Da die Beweislast für eine von der Vermutung des § 530 BGB abweichende Regelung des Innenverhältnisses den Antragsgegner trifft, hätte er die Darstellung der Klägerin widerlegen und die eigene Darstellung zur Einigung der Parteien betreffend die Übertragung des Kontos auf den Antragsgegner am 10. Juni 2006 darlegen und ggfls. beweisen müssen. Hierfür spricht die Anlage AG 2 gerade nicht, da die Antragstellerin das Formular nicht an der maßgeblichen Stelle unterzeichnet hat.
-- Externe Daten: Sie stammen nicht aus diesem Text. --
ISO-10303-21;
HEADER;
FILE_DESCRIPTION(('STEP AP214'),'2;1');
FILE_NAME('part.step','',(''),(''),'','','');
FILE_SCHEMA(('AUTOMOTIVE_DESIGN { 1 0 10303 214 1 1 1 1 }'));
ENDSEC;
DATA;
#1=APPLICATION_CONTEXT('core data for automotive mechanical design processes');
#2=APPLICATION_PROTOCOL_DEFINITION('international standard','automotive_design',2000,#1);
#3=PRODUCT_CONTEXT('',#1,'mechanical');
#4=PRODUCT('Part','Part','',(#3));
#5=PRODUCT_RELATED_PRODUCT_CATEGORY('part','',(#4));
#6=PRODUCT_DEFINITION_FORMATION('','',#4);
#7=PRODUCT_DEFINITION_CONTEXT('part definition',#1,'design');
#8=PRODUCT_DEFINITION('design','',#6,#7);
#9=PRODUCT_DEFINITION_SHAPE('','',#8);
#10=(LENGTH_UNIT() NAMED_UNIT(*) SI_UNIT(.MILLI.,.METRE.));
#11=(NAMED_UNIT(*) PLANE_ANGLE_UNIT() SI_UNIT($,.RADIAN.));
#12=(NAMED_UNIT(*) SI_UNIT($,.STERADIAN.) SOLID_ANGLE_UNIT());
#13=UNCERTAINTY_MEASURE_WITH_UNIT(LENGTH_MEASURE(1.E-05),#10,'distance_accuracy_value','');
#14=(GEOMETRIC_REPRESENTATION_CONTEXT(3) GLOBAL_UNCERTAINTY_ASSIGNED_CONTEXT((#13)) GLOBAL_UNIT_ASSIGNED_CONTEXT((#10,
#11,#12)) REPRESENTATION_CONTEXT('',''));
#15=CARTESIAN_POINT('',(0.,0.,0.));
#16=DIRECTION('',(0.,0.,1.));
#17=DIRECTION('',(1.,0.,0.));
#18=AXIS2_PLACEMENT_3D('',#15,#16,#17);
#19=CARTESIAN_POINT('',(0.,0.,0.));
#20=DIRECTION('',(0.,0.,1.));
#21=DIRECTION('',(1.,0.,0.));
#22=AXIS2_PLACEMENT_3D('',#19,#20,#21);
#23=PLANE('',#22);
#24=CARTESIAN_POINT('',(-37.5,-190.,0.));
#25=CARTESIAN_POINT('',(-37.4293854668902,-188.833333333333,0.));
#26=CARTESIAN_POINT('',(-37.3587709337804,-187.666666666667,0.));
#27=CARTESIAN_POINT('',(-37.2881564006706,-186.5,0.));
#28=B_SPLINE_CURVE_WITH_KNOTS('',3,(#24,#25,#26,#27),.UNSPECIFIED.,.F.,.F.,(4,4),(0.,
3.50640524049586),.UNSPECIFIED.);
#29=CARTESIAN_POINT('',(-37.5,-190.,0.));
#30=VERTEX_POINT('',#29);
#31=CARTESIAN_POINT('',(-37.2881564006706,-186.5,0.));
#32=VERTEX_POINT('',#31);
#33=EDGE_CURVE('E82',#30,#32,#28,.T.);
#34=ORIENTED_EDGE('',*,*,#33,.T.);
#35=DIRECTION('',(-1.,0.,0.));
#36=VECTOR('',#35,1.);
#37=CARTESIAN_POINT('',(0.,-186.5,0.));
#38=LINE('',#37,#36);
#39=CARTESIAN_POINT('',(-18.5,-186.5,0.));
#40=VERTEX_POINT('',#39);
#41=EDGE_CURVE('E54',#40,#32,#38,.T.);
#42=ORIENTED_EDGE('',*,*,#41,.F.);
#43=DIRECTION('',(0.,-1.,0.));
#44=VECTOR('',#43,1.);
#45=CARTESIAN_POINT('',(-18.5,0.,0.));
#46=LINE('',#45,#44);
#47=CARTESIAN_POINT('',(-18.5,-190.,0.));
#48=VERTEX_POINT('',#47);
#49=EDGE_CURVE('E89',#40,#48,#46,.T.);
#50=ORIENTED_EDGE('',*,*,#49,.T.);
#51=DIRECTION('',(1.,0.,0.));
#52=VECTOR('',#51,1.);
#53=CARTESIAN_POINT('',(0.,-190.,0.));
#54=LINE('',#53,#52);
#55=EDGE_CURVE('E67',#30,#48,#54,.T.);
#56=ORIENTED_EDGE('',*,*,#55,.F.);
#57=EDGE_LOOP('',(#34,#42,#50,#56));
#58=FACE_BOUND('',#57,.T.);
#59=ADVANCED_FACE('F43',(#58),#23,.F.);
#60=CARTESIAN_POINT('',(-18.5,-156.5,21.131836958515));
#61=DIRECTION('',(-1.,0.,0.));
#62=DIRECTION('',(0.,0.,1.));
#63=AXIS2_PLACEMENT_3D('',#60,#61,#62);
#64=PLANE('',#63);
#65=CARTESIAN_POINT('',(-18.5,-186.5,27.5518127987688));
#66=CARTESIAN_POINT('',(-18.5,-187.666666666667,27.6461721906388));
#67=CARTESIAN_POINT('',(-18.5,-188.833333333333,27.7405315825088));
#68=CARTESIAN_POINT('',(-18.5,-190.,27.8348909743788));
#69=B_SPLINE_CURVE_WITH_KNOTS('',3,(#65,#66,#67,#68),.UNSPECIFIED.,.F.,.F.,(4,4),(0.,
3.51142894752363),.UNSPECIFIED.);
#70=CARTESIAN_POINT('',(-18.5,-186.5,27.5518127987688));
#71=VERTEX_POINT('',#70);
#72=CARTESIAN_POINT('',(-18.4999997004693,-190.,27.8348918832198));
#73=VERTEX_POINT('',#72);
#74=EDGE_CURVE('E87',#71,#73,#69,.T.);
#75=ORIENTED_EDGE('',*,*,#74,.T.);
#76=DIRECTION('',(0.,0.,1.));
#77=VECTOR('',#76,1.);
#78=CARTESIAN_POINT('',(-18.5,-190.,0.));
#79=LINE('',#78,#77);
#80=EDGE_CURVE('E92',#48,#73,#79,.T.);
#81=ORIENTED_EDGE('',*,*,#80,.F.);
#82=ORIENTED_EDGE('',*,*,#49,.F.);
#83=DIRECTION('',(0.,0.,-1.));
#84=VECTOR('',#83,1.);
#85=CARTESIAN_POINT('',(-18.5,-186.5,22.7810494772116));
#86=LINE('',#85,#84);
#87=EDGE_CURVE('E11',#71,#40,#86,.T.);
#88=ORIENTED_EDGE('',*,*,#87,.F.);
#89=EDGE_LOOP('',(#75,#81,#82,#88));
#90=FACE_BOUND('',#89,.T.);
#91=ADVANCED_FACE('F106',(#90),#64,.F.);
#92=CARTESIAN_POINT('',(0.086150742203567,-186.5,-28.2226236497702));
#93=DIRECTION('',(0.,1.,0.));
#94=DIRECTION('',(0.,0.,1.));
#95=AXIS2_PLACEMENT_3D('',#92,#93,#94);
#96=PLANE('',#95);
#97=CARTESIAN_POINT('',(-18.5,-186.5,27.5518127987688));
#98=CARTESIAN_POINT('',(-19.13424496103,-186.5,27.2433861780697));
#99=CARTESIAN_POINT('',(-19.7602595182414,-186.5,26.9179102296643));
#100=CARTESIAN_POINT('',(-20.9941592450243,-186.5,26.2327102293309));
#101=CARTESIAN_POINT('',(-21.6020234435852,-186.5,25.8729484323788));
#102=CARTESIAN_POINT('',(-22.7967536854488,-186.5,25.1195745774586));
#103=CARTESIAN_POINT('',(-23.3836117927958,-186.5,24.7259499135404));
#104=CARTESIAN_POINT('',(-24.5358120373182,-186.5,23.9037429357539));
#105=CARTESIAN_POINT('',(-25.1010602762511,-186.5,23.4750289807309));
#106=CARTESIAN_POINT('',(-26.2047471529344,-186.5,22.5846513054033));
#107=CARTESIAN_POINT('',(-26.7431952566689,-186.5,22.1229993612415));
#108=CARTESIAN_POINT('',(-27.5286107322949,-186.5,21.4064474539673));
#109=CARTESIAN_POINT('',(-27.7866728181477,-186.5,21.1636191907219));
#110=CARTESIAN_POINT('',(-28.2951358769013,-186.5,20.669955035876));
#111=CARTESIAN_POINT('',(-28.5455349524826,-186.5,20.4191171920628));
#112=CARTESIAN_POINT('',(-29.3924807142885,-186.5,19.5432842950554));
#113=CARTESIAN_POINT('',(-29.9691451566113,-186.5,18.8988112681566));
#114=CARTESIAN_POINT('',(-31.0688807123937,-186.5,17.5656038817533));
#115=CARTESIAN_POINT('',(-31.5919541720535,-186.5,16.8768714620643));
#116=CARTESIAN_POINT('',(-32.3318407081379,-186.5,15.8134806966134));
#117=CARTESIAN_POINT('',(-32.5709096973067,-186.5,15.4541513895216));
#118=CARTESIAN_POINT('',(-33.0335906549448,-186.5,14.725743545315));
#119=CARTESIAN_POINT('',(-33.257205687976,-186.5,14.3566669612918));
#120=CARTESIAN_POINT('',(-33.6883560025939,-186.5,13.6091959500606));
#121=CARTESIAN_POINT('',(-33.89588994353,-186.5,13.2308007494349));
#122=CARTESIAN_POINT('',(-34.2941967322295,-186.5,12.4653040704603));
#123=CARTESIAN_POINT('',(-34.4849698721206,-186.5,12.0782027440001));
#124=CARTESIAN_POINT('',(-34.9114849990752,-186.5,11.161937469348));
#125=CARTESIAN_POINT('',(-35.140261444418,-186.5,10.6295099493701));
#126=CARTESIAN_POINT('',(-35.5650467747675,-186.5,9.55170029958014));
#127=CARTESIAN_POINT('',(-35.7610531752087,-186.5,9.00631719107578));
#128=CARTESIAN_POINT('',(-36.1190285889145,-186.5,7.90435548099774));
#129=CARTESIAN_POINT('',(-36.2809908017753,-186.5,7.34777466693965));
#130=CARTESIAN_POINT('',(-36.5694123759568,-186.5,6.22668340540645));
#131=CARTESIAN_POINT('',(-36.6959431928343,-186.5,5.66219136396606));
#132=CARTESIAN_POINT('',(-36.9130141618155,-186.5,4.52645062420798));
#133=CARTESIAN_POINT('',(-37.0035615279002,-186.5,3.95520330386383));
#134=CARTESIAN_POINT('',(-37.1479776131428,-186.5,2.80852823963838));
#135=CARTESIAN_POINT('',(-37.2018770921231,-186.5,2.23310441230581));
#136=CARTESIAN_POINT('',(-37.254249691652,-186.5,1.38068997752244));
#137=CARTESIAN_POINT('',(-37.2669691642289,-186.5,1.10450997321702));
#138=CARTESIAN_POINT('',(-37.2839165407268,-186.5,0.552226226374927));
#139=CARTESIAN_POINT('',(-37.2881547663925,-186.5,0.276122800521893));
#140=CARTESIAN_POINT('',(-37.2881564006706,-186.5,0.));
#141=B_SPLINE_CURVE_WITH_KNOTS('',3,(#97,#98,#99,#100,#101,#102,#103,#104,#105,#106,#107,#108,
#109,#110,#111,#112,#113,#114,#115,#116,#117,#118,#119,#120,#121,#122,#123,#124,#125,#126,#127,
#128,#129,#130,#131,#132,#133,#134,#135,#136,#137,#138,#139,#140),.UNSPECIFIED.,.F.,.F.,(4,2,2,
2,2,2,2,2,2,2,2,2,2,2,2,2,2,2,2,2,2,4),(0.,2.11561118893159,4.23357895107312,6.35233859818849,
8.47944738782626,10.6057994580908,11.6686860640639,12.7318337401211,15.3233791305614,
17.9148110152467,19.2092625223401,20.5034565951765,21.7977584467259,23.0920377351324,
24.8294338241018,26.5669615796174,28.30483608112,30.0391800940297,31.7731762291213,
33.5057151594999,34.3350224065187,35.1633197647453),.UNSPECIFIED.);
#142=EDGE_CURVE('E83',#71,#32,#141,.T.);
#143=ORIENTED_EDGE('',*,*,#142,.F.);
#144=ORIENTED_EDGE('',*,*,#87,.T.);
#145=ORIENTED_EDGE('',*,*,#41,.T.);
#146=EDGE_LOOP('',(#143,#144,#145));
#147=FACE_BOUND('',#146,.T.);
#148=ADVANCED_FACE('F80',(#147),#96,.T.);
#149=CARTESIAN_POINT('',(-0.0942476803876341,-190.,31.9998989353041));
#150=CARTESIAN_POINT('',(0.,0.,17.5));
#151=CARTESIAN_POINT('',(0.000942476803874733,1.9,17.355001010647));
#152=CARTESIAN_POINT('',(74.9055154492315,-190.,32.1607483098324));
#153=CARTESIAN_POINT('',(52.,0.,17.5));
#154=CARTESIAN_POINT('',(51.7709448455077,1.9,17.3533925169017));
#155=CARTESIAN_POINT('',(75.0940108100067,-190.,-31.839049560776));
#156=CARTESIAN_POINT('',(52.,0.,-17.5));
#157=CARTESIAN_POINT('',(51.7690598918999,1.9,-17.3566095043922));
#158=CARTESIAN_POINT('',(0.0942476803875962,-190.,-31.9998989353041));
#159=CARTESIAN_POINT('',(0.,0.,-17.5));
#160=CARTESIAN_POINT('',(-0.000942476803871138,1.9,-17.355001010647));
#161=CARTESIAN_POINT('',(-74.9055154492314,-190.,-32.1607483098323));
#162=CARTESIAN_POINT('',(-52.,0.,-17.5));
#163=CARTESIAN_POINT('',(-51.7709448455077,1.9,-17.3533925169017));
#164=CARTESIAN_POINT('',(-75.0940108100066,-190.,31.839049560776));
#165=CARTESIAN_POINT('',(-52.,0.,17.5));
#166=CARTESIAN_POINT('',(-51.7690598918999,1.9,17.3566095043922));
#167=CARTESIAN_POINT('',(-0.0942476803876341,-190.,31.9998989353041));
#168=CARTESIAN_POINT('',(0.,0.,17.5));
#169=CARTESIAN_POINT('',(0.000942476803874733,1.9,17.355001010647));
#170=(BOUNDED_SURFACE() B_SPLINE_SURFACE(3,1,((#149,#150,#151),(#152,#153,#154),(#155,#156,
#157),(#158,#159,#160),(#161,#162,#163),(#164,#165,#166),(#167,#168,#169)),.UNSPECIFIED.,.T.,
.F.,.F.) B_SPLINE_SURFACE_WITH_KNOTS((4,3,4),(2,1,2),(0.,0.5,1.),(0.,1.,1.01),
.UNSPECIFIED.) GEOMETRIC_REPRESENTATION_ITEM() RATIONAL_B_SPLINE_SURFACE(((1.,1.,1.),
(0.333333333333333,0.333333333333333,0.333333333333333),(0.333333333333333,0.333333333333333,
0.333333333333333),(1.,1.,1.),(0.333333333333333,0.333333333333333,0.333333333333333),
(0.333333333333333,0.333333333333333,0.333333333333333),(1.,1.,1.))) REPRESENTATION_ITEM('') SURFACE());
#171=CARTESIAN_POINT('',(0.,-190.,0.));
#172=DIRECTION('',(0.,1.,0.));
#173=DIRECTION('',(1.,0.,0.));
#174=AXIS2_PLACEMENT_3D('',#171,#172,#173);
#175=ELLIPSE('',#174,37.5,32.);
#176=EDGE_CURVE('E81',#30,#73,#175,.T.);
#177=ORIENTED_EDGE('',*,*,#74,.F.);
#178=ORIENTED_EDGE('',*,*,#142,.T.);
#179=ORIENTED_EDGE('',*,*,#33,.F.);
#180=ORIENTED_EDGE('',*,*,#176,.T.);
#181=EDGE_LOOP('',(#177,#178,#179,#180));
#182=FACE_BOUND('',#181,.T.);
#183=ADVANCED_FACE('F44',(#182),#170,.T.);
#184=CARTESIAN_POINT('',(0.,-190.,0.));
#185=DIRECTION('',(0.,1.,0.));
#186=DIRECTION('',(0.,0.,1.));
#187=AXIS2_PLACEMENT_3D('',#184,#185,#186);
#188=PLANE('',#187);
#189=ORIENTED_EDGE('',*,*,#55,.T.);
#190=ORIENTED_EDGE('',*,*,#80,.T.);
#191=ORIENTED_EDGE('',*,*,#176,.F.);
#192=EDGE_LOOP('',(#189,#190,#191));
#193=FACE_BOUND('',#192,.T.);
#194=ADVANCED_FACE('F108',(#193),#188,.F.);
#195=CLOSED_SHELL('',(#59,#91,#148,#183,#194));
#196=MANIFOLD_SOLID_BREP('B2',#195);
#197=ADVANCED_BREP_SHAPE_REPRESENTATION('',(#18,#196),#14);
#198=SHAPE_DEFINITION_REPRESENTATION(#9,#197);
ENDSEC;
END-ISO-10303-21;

Da die grundsätzliche Erfolgsaussicht der Klage der Antragstellerin nicht zu verneinen ist, war auf das Rechtsmittel hin der angefochtene Beschluss aufzuheben und das Verfahren zur weiteren Behandlung und Entscheidung an das Landgericht zurückzuverweisen, das die persönlichen und wirtschaftlichen Verhältnisse der Klägerin und damit ihre Bedürftigkeit zunächst abschließend zu klären hat. Nach den bisherigen Auskünften, die die Antragstellerin in ihrem Antragsformular betreffend ihre persönlichen und wirtschaftlichen Verhältnisse erteilt hat und der zwischenzeitlich erfolgten Scheidung bestehen bisher Bedenken, ob der Antragstellerin nach ihren wirtschaftlichen Verhältnissen überhaupt oder jedenfalls ohne die Anordnung von Raten Prozesskostenhilfe bewilligt werden kann. Die Antragstellerin wird ggfls. in einer neuen Erklärung über die persönlichen und wirtschaftlichen Verhältnisse Angaben zu den Unterhaltszahlungen des nicht ehelichen Kindesvaters gem. § 1615 l Abs. 2 BGB an sie - die Antragstellerin - sowie zur Zahlung von Wohngeld zu machen haben. Ggfls. ist auch die Inanspruchnahme öffentlicher Hilfe unter Vorlage von entsprechenden Bescheiden auch ggfls. von Wohngeld darzulegen. Ferner befindet sich bisher kein Mietvertrag bei den eingereichten Unterlagen.